War is not peace; pretty obvious, no? But hating war is not the same as loving peace. Those are two entirely different paradigms. Loving peace, then making decisions--political, social, financial, ecological and spiritual choices--with truly peaceful goals as the desired result...that's the road to lasting peace.

A race whose goal, like a corporation (and remember, they're people, too!) is simply to "have more" will never have enough. Maximum consumption will only end when resources run out. The systems we've created are so dependent on exploiting all available resources--people included--for maximum profit, that the kind of change this world needs could only be considered "collapse" in the eyes of the very few percent who hold the wealth and make decisions for so many.

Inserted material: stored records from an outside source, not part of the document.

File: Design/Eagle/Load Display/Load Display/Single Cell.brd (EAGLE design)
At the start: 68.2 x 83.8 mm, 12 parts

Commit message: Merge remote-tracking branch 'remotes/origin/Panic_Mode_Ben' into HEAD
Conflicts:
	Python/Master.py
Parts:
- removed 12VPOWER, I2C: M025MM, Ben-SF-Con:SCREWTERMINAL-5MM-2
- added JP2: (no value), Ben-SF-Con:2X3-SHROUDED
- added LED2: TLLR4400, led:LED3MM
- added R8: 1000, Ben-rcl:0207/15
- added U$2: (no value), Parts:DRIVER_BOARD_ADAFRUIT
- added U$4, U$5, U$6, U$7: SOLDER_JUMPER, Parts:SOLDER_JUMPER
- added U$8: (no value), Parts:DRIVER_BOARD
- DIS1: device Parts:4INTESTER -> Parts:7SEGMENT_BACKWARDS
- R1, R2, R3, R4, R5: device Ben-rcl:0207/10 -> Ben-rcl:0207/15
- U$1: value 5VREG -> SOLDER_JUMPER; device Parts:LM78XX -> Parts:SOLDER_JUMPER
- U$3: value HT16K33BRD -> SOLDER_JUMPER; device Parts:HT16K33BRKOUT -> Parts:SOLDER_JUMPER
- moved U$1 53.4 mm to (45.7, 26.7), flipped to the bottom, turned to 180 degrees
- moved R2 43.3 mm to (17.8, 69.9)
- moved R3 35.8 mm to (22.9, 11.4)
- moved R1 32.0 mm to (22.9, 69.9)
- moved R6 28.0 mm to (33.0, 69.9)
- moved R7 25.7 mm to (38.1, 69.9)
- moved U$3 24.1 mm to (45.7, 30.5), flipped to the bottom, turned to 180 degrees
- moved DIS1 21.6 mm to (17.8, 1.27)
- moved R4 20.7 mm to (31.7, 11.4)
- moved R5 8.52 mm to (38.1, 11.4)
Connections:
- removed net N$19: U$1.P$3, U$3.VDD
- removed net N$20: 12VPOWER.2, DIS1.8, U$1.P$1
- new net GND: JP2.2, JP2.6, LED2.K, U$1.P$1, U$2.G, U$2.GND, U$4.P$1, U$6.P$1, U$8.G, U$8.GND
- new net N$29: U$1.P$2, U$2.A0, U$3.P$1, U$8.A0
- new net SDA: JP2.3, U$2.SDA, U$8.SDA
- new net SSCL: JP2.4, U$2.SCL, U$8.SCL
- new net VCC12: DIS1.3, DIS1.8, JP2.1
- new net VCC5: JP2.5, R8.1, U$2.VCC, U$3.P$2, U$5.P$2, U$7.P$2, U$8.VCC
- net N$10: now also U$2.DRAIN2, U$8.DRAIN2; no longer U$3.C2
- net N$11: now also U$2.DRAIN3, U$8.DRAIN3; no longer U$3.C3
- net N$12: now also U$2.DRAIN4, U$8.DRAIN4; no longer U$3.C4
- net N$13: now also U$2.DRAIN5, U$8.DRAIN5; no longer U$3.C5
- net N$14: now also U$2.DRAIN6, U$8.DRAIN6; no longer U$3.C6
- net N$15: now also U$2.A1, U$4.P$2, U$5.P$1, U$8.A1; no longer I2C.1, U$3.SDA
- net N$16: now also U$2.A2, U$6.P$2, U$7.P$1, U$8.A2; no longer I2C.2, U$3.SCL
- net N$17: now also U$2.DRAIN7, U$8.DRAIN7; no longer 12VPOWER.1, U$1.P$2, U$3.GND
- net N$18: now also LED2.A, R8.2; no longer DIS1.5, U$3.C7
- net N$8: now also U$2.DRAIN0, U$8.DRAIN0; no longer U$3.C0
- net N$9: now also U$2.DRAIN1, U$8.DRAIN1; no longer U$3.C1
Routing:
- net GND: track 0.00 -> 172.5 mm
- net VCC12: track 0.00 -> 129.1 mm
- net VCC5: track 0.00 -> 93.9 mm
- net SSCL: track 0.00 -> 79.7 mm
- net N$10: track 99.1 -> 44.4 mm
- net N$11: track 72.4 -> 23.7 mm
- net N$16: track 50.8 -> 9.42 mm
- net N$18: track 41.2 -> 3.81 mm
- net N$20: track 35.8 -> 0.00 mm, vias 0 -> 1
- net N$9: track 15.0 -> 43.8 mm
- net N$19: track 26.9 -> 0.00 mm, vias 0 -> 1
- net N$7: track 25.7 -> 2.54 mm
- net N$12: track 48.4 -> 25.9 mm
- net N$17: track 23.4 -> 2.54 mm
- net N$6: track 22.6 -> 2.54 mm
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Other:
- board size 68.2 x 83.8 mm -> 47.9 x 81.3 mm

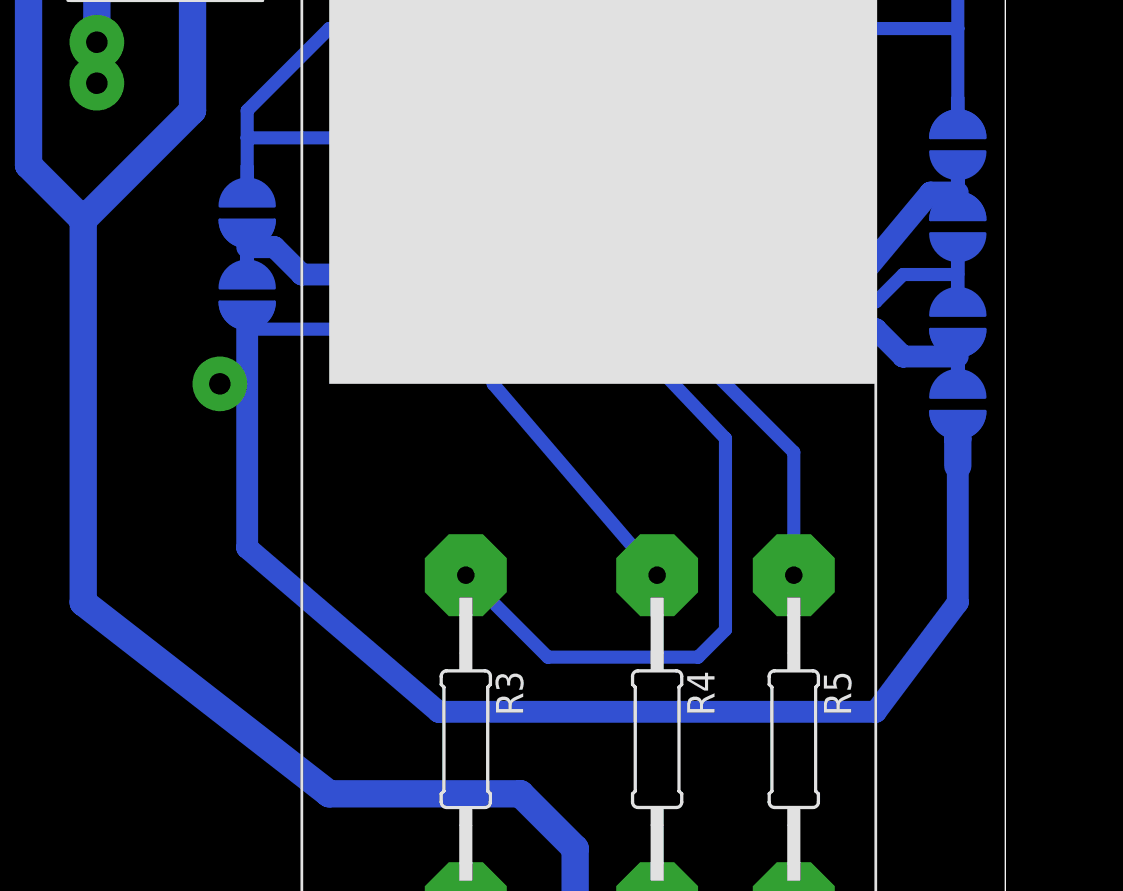
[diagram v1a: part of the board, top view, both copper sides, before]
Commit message: Changed the eagle board to run the 5v in a better path.
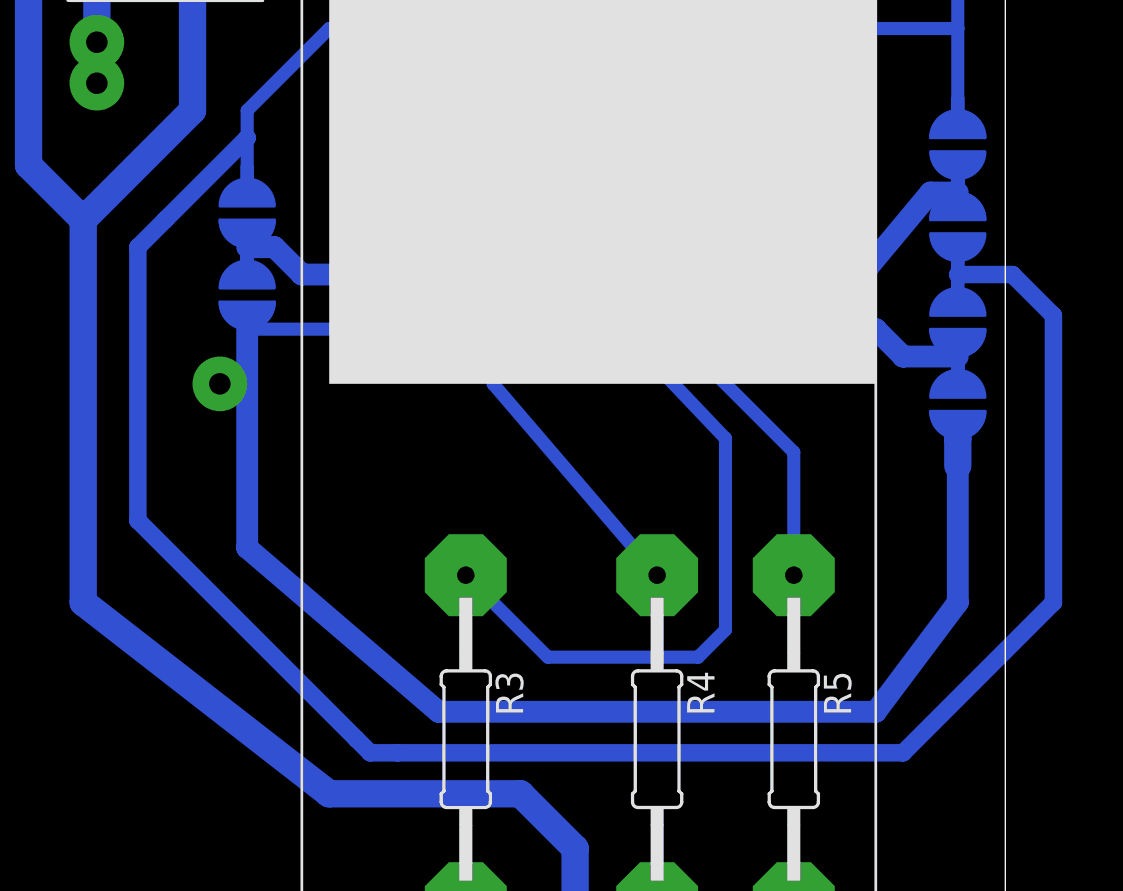
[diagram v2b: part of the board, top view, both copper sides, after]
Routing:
- net VCC5: track 93.9 -> 132.5 mm
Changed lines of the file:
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@@
 <param name="mtCopper" value="0.035mm 0.035mm 0.035mm 0.035mm 0.035mm 0.035mm 0.035mm 0.035mm 0.035mm 0.035mm 0.035mm 0.035mm 0.035mm 0.035mm 0.035mm 0.035mm"/>
 <param name="mtIsolate" value="1.5mm 0.15mm 0.2mm 0.15mm 0.2mm 0.15mm 0.2mm 0.15mm 0.2mm 0.15mm 0.2mm 0.15mm 0.2mm 0.15mm 0.2mm"/>
-<param name="mdWireWire" value="8mil"/>
-<param name="mdWirePad" value="8mil"/>
-<param name="mdWireVia" value="8mil"/>
-<param name="mdPadPad" value="8mil"/>
-<param name="mdPadVia" value="8mil"/>
-<param name="mdViaVia" value="8mil"/>
-<param name="mdSmdPad" value="8mil"/>
-<param name="mdSmdVia" value="8mil"/>
-<param name="mdSmdSmd" value="8mil"/>
+<param name="mdWireWire" value="10mil"/>
+<param name="mdWirePad" value="10mil"/>
+<param name="mdWireVia" value="10mil"/>
+<param name="mdPadPad" value="10mil"/>
+<param name="mdPadVia" value="10mil"/>
+<param name="mdViaVia" value="10mil"/>
+<param name="mdSmdPad" value="10mil"/>
+<param name="mdSmdVia" value="10mil"/>
+<param name="mdSmdSmd" value="10mil"/>
 <param name="mdViaViaSameLayer" value="8mil"/>
 <param name="mnLayersViaInSmd" value="2"/>
@@
 <wire x1="12.70025625" y1="39.3707875" x2="12.70025625" y2="37.4657125" width="0.6096" layer="16"/>
 <wire x1="45.72091875" y1="33.655709375" x2="45.72091875" y2="33.020659375" width="0.6096" layer="16"/>
-<wire x1="45.72091875" y1="33.020659375" x2="43.1808625" y2="33.020659375" width="0.6096" layer="16"/>
-<wire x1="43.1808625" y1="33.020659375" x2="41.9108375" y2="31.750634375" width="0.6096" layer="16"/>
-<wire x1="41.9108375" y1="31.750634375" x2="35.560709375" y2="31.750634375" width="0.6096" layer="16"/>
-<wire x1="35.560709375" y1="31.750634375" x2="35.560709375" y2="34.290684375" width="0.6096" layer="16"/>
-<wire x1="35.560709375" y1="34.290684375" x2="40.6408125" y2="34.290684375" width="0.6096" layer="16"/>
-<wire x1="40.6408125" y1="34.290684375" x2="40.6408125" y2="36.8307375" width="0.6096" layer="16"/>
-<wire x1="40.6408125" y1="36.8307375" x2="33.020659375" y2="36.8307375" width="0.6096" layer="16"/>
-<wire x1="33.020659375" y1="36.8307375" x2="30.480609375" y2="39.3707875" width="0.6096" layer="16"/>
-<wire x1="30.480609375" y1="39.3707875" x2="12.70025625" y2="39.3707875" width="0.6096" layer="16"/>
+<wire x1="12.70025625" y1="39.3707875" x2="12.700253125" y2="39.3707875" width="0.8128" layer="16"/>
+<wire x1="12.700253125" y1="39.3707875" x2="8.890178125" y2="35.5607125" width="0.8128" layer="16"/>
+<wire x1="8.890178125" y1="35.5607125" x2="8.890178125" y2="35.560709375" width="0.8128" layer="16"/>
+<wire x1="8.890178125" y1="35.560709375" x2="7.620153125" y2="34.290684375" width="0.8128" layer="16"/>
+<wire x1="7.620153125" y1="34.290684375" x2="7.620153125" y2="21.59043125" width="0.8128" layer="16"/>
+<wire x1="7.620153125" y1="21.59043125" x2="17.78035625" y2="11.430228125" width="0.8128" layer="16"/>
+<wire x1="17.78035625" y1="11.430228125" x2="18.414771875" y2="10.795228125" width="0.8128" layer="16"/>
+<wire x1="18.414771875" y1="10.795228125" x2="19.685" y2="10.795" width="0.8128" layer="16"/>
+<wire x1="19.685" y1="10.795" x2="43.18" y2="10.795" width="0.8128" layer="16"/>
+<wire x1="43.18" y1="10.795" x2="50.165" y2="17.78" width="0.8128" layer="16"/>
+<wire x1="50.165" y1="17.78" x2="50.165" y2="31.115" width="0.8128" layer="16"/>
+<wire x1="50.165" y1="31.115" x2="48.26" y2="33.02" width="0.8128" layer="16"/>
+<wire x1="48.26" y1="33.02" x2="45.721578125" y2="33.02" width="0.8128" layer="16"/>
+<wire x1="45.721578125" y1="33.02" x2="45.72091875" y2="33.020659375" width="0.8128" layer="16"/>
 <wire x1="45.72091875" y1="33.020659375" x2="45.720915625" y2="32.385609375" width="0" layer="19" extent="16-16"/>
 </signal>
@@
 </signal>
 </signals>
-<errors>
-</errors>
 </board>
 </drawing>

Yet "having" more, and "doing" what we're doing is actually killing us, and of course there will be consequences. Change is inevitable; the question is, what kind of "brave new world" do we want to experience? Survival means a paradigm shift in the way we see ourselves; what we mean when we say "me" and "you" and "us". I believe that only a deep recognition of our innate connectivity, all man-made constructs aside, will change our world. Only an epiphany of global scale will bring this about...or when we're faced with a literal life or death decision about how we'd like to go on. Well, folks, we're there now! And like G.W. Bush said, it IS about peace; only not by expending what life we have to make war, or tolerating the scale of global poverty that Gandhi described as a form of violence.

We KNOW we can do better. We CAN change. But like any journey, it will start by taking the first step. How about we start considering peace.